Son hackers, y al mismo tiempo activistas, hastiados del sistema económico y político tan injusto y abusivo, que recuerdan a los creadores de The Pirate Bay y que utilizan la tecnología para canalizar una mezcla de ira contra el statu quo, el ego por demostrar sus capacidades técnicas y el deseo por alcanzar un cambio importante.
«¿Qué te decepciona tanto de la sociedad?», pregunta una terapeuta para descifrar al protagonista. «Quizá que colectivamente pensemos que Steve Jobs fue un gran hombre, a pesar de saber que ganó millones a costa de niños. O quizá por la sensación de que todos nuestros héroes son falsos. El mundo en sí es un gran engaño. Nos llenamos de nuestros comentarios sobre mierdas, tapando lo que está a la vista, o con nuestras redes sociales que imitan la intimidad (…) No digo nada nuevo. Todos sabemos por qué hacemos esto: no porque Los juegos del hambre nos haga felices, sino porque buscamos estar adormecidos. Porque duele no fingir, porque somos cobardes. Que la sociedad se vaya a la mierda», piensa Anderson, pero no lo dice.
El analista de ciberseguridad, además, toca la cuarta pared —tan manoseada por House of Cards— bajo los efectos de algunas drogas para bajarle el volumen a la realidad de un mundo acabado, solitario y fatalista. Porque ese es el tono que cubre el show creado por Sam Esmail: distópico, límite y putrefacto.
Lo segundo interesante es que Anderson es incapaz de conectar con las personas del mundo real, aunque, al mismo tiempo, conoce sus detalles más íntimos. El hacker se relaciona forzando la información confidencial de otros en Internet: correos, chats, perfiles, webcams, etc. Así conoce sus verdaderas intimidades y actúa con un código moral propio, como otros justicieros de la televisión —Dexter—, o la literatura —como el Josef Kavalier de Michael Chabon—. Y, entonces, si el protagonista invade la privacidad de su mejor amiga y también la de su terapeuta, explota cuando alguien rompe la cerradura de su departamento y penetra en su mundo privado.

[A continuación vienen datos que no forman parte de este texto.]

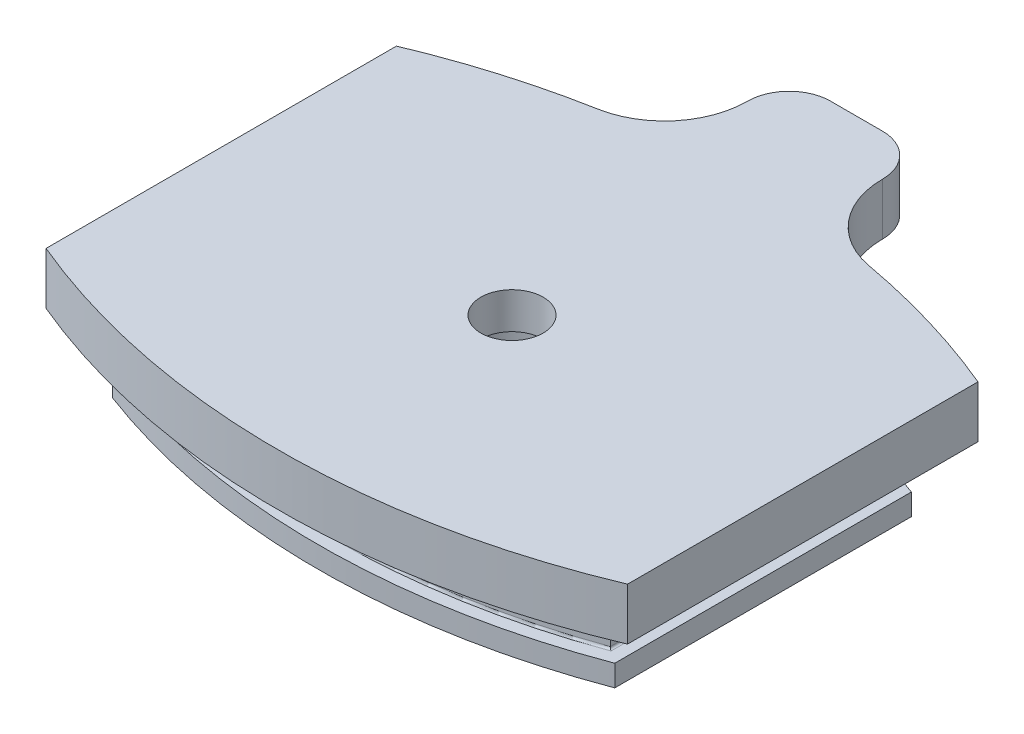
SolidWorks part; units mm, degrees
ref_plane "Front Plane" through (0, 0, 0) normal (0, 0, 1) x (1, 0, 0)
ref_plane "Top Plane" through (0, 0, 0) normal (0, 1, 0) x (1, 0, 0)
ref_plane "Right Plane" through (0, 0, 0) normal (1, 0, 0) x (0, 0, -1)
sketch "Sketch1" plane through (0, 0, 0) normal (0, 1, 0) x (1, 0, 0)
  line L0 (-35.56, 21.4311) -> (-35.56, -21.4311)
  line L1 (35.56, 21.4311) -> (35.56, -21.4311)
  arc A0 (-35.56, -21.4311) -> (35.56, -21.4311) centre (0, 63.5) ccw
  arc A1 (35.56, 21.4311) -> (-35.56, 21.4311) centre (0, -63.5) ccw
  dimension "D3" = 184.15
  dimension "D1" = 63.5
  dimension "D2" = 63.5
  dimension "D4" = 35.56
  dimension "D5" = 35.56
extrude "Boss-Extrude1" add sketch "Sketch1" against normal blind 6.35
sketch "Sketch2" plane through (0, -6.35, 0) normal (0, -1, 0) x (1, 0, 0)
  line L4 (30.7086, -18.1391) -> (30.7086, 18.1391)
  line L5 (-30.7086, 18.1391) -> (-30.7086, -18.1391)
  line L6 (30.7086, -18.1391) -> (30.7086, 18.1391)
  line L7 (-30.7086, 18.1391) -> (-30.7086, -18.1391)
  arc A4 (-30.7086, -18.1391) -> (30.7086, -18.1391) centre (0, 63.5) ccw
  arc A5 (30.7086, 18.1391) -> (-30.7086, 18.1391) centre (0, -63.5) ccw
  arc A6 (-30.7086, -18.1391) -> (30.7086, -18.1391) centre (0, 63.5) ccw
  arc A7 (30.7086, 18.1391) -> (-30.7086, 18.1391) centre (0, -63.5) ccw
  dimension "D1" = 4.8514
extrude "Boss-Extrude2" add sketch "Sketch2" along normal blind 8.7122
sketch "Sketch3" plane through (0, -6.35, 0) normal (0, -1, 0) x (1, 0, 0)
  line L2 (-35.56, -21.4311) -> (-35.56, 21.4311) construction
  line L3 (-35.56, 28.575) -> (35.56, 28.575)
  line L4 (28.9306, -16.8988) -> (28.9306, 16.8988)
  line L5 (-28.9306, 16.8988) -> (-28.9306, -16.8988)
  line L6 (28.9306, -16.8988) -> (28.9306, 16.8988)
  line L7 (-28.9306, 16.8988) -> (-28.9306, -16.8988)
  line L8 (-35.56, 28.575) -> (-35.56, -28.575)
  line L9 (-35.56, -28.575) -> (35.56, -28.575)
  line L10 (35.56, 28.575) -> (35.56, -28.575)
  line L11 (35.56, 21.4311) -> (35.56, -21.4311) construction
  arc A2 (-35.56, -21.4311) -> (35.56, -21.4311) centre (0, 63.5) ccw construction
  arc A3 (35.56, 21.4311) -> (-35.56, 21.4311) centre (0, -63.5) ccw construction
  arc A4 (-28.9306, -16.8988) -> (28.9306, -16.8988) centre (0, 63.5) ccw
  arc A5 (28.9306, 16.8988) -> (-28.9306, 16.8988) centre (0, -63.5) ccw
  arc A6 (-28.9306, -16.8988) -> (28.9306, -16.8988) centre (0, 63.5) ccw
  arc A7 (28.9306, 16.8988) -> (-28.9306, 16.8988) centre (0, -63.5) ccw
  dimension "D1" = 1.778
extrude "Cut-Extrude1" cut sketch "Sketch3" along normal blind 3.556 from offset 2.54
sketch "Sketch4" plane through (0, -15.0622, 0) normal (0, -1, 0) x (1, 0, 0)
  point P0 (0, 0)
hole_wizard "Hole1" positions "Sketch5" profile "Sketch6" legacy
sketch "Sketch5" plane through (0, -15.0622, 0) normal (0, -1, 0) x (-1, 0, 0)
  point P0 (0, 0)
sketch "Sketch6" plane through (0, -15.0622, 0) normal (1, 0, 0) x (0, 0, -1)
  line L0 (0, 0) -> (0, 15.0622)
  line L1 (0, 15.0622) -> (3.81, 15.0622)
  line L2 (3.81, 15.0622) -> (3.81, 0)
  line L3 (3.81, 0) -> (0, 0)
  line L4 (0, 110) -> (0, -10) construction
  dimension "Diameter" = 7.62
  dimension "Depth" = 15.0622
sketch "Sketch7" plane through (0, -15.0622, 0) normal (0, -1, 0) x (1, 0, 0)
  line L6 (25.6286, -14.5432) -> (25.6286, 14.5432)
  line L7 (-25.6286, 14.5432) -> (-25.6286, -14.5432)
  line L8 (25.6286, -14.5432) -> (25.6286, 14.5432)
  line L9 (-25.6286, 14.5432) -> (-25.6286, -14.5432)
  arc A6 (-25.6286, -14.5432) -> (25.6286, -14.5432) centre (0, 63.5) ccw
  arc A7 (25.6286, 14.5432) -> (-25.6286, 14.5432) centre (0, -63.5) ccw
  arc A8 (-25.6286, -14.5432) -> (25.6286, -14.5432) centre (0, 63.5) ccw
  arc A9 (25.6286, 14.5432) -> (-25.6286, 14.5432) centre (0, -63.5) ccw
  dimension "D1" = 5.08
extrude "Cut-Extrude2" cut sketch "Sketch7" against normal offset from surface (10.6172 mm away) 4.445 up to face at (0, 0, -3.81)
sketch "Sketch8" plane through (0, -4.445, 0) normal (0, -1, 0) x (1, 0, 0)
  line L1 (-11.43, 11.43) -> (11.43, 11.43)
  line L2 (-11.43, 11.43) -> (-11.43, -11.43)
  line L3 (-11.43, -11.43) -> (11.43, -11.43)
  line L4 (11.43, 11.43) -> (11.43, -11.43)
  line L5 (-11.43, 11.43) -> (11.43, -11.43) construction
  line L6 (-11.43, -11.43) -> (11.43, 11.43) construction
  line L7 (-8.89, 8.89) -> (8.89, 8.89)
  line L8 (-8.89, 8.89) -> (-8.89, -8.89)
  line L9 (-8.89, -8.89) -> (8.89, -8.89)
  line L10 (8.89, 8.89) -> (8.89, -8.89)
  line L11 (-8.89, 8.89) -> (8.89, -8.89) construction
  line L12 (-8.89, -8.89) -> (8.89, 8.89) construction
  circle A0 centre (0, 0) radius 3.81 construction
  point P0 (0, 0)
  point P8 (0, 0)
  dimension "D1" = 11.43
  dimension "D2" = 8.89
extrude "Boss-Extrude3" add sketch "Sketch8" along normal up to surface (10.6172 mm away) up to face at (0, -15.0622, 0)
fillet "Fillet1" radius 0.254 8 edges at (28.9306, -12.446, 0) (28.9306, -8.89, 0) (0, -12.446, -21.9456) (0, -8.89, -21.9456) (0, -8.89, 21.9456) (0, -12.446, 21.9456) (-28.9306, -12.446, 0) (-28.9306, -8.89, 0)
fillet "Fillet2" radius 6.604 4 edges at (-8.89, -9.7536, -8.89) (8.89, -9.7536, -8.89) (-8.89, -9.7536, 8.89) (8.89, -9.7536, 8.89)
fillet "Fillet3" radius 9.144 4 edges at (-11.43, -9.7536, 11.43) (11.43, -9.7536, 11.43) (-11.43, -9.7536, -11.43) (11.43, -9.7536, -11.43)
chamfer "Chamfer1" distance 1.016 angle 45 20 edges at (0, -15.0622, -18.6436) (25.6286, -15.0622, 0) (-25.6286, -15.0622, 0) (0, -15.0622, 18.6436) (8.7518, -15.0622, -8.7518) (0, -15.0622, -11.43) (-8.7518, -15.0622, -8.7518) (-11.43, -15.0622, 0) (-8.7518, -15.0622, 8.7518) (0, -15.0622, 11.43) (8.7518, -15.0622, 8.7518) (11.43, -15.0622, 0) (6.9557, -15.0622, -6.9557) (8.89, -15.0622, 0) (6.9557, -15.0622, 6.9557) (0, -15.0622, 8.89) (-6.9557, -15.0622, 6.9557) (-8.89, -15.0622, 0) (-6.9557, -15.0622, -6.9557) (0, -15.0622, -8.89)
sketch "Sketch9" plane through (0, 0, 0) normal (0, 1, 0) x (1, 0, 0)
  line L0 (-3.175, 37.0628) -> (3.175, 37.0628) construction
  line L1 (-18.415, 37.0628) -> (18.415, 37.0628) construction
  line L2 (-3.175, 42.1428) -> (3.175, 42.1428)
  arc A0 (35.56, 21.4311) -> (-35.56, 21.4311) centre (0, -63.5) ccw construction
  arc A1 (16.5849, 27.069) -> (-16.5849, 27.069) centre (0, -63.5) ccw
  arc A2 (-16.5849, 27.069) -> (-8.255, 37.0628) centre (-18.415, 37.0628) ccw
  arc A3 (-3.175, 42.1428) -> (-8.255, 37.0628) centre (-3.175, 37.0628) ccw
  arc A4 (8.255, 37.0628) -> (3.175, 42.1428) centre (3.175, 37.0628) ccw
  arc A5 (8.255, 37.0628) -> (16.5849, 27.069) centre (18.415, 37.0628) ccw
  point P11 (0, 37.0628)
  point P12 (0, 37.0628)
  dimension "D2" = 20.32
  dimension "D3" = 10.16
  dimension "D1" = 6.35
extrude "Boss-Extrude4" add sketch "Sketch9" against normal up to surface (6.35 mm away) up to face at (0, -6.35, 0)

«¿Eres un uno o un cero?», pregunta Mr. Robot, y la serie se vuelve un manjar de referencias a la cultura hacker: el protagonista usa Gnome y aparecen archivos .DAT y rootkits; la seguridad del grupo es reunirse en la vida real o IRL (in real life); y son radicales para opinar sobre Steve Jobs, Facebook, Blackberry e incluso Obama.
Y, entonces, uno piensa en los referentes, en por qué Mr. Robot es distinta pero sabe a algo: quizá en la estética que David Fincher dio a sus películas; quizá en las ideas radicales de los protagonistas del documental Away from keyboard; quizá en la desobediencia civil de Thoreau como el único camino a la justicia; quizá en las drogas de los personajes de Aronofsky; quizá en las esquinas no tan evidentes de la Nueva York que iluminó Taxi Driver; quizá en la improbable BlackHat y la miserable serie Scorpion, o incluso, en la fría Person of interest.
Hay que poner atención al personaje de Christian Slater y a la hacker que interpreta Carly Chaikin, como también a la banda sonora, que incluye canciones del Disintegration de The Cure, “Two weeks” de FKA Twigs, y una versión descafeinada de “Where is my mind?” a cargo de Maxence Cyrin, entre temas de Neil Diamond, M83, Sonic Youth y Alabama Shakes. Pero sobre todo a los personajes más oscuros.
Lo tercero y más interesante de la serie es que desliza que una persona común y corriente, con la suficiente pasión —y un computador y una conexión a Internet—, puede cambiar el mundo. Ahí Mr. Robot se vuelve importante como un comentario social y político. Entonces, la cámara se aleja y vemos a Times Square como un caos oscuro que no otorga calma alguna. No hay orden. No hay respeto por las instituciones. De repente todo desaparece, menos la ciudad. Lo que queda es el silencio, lo que queda es la violencia.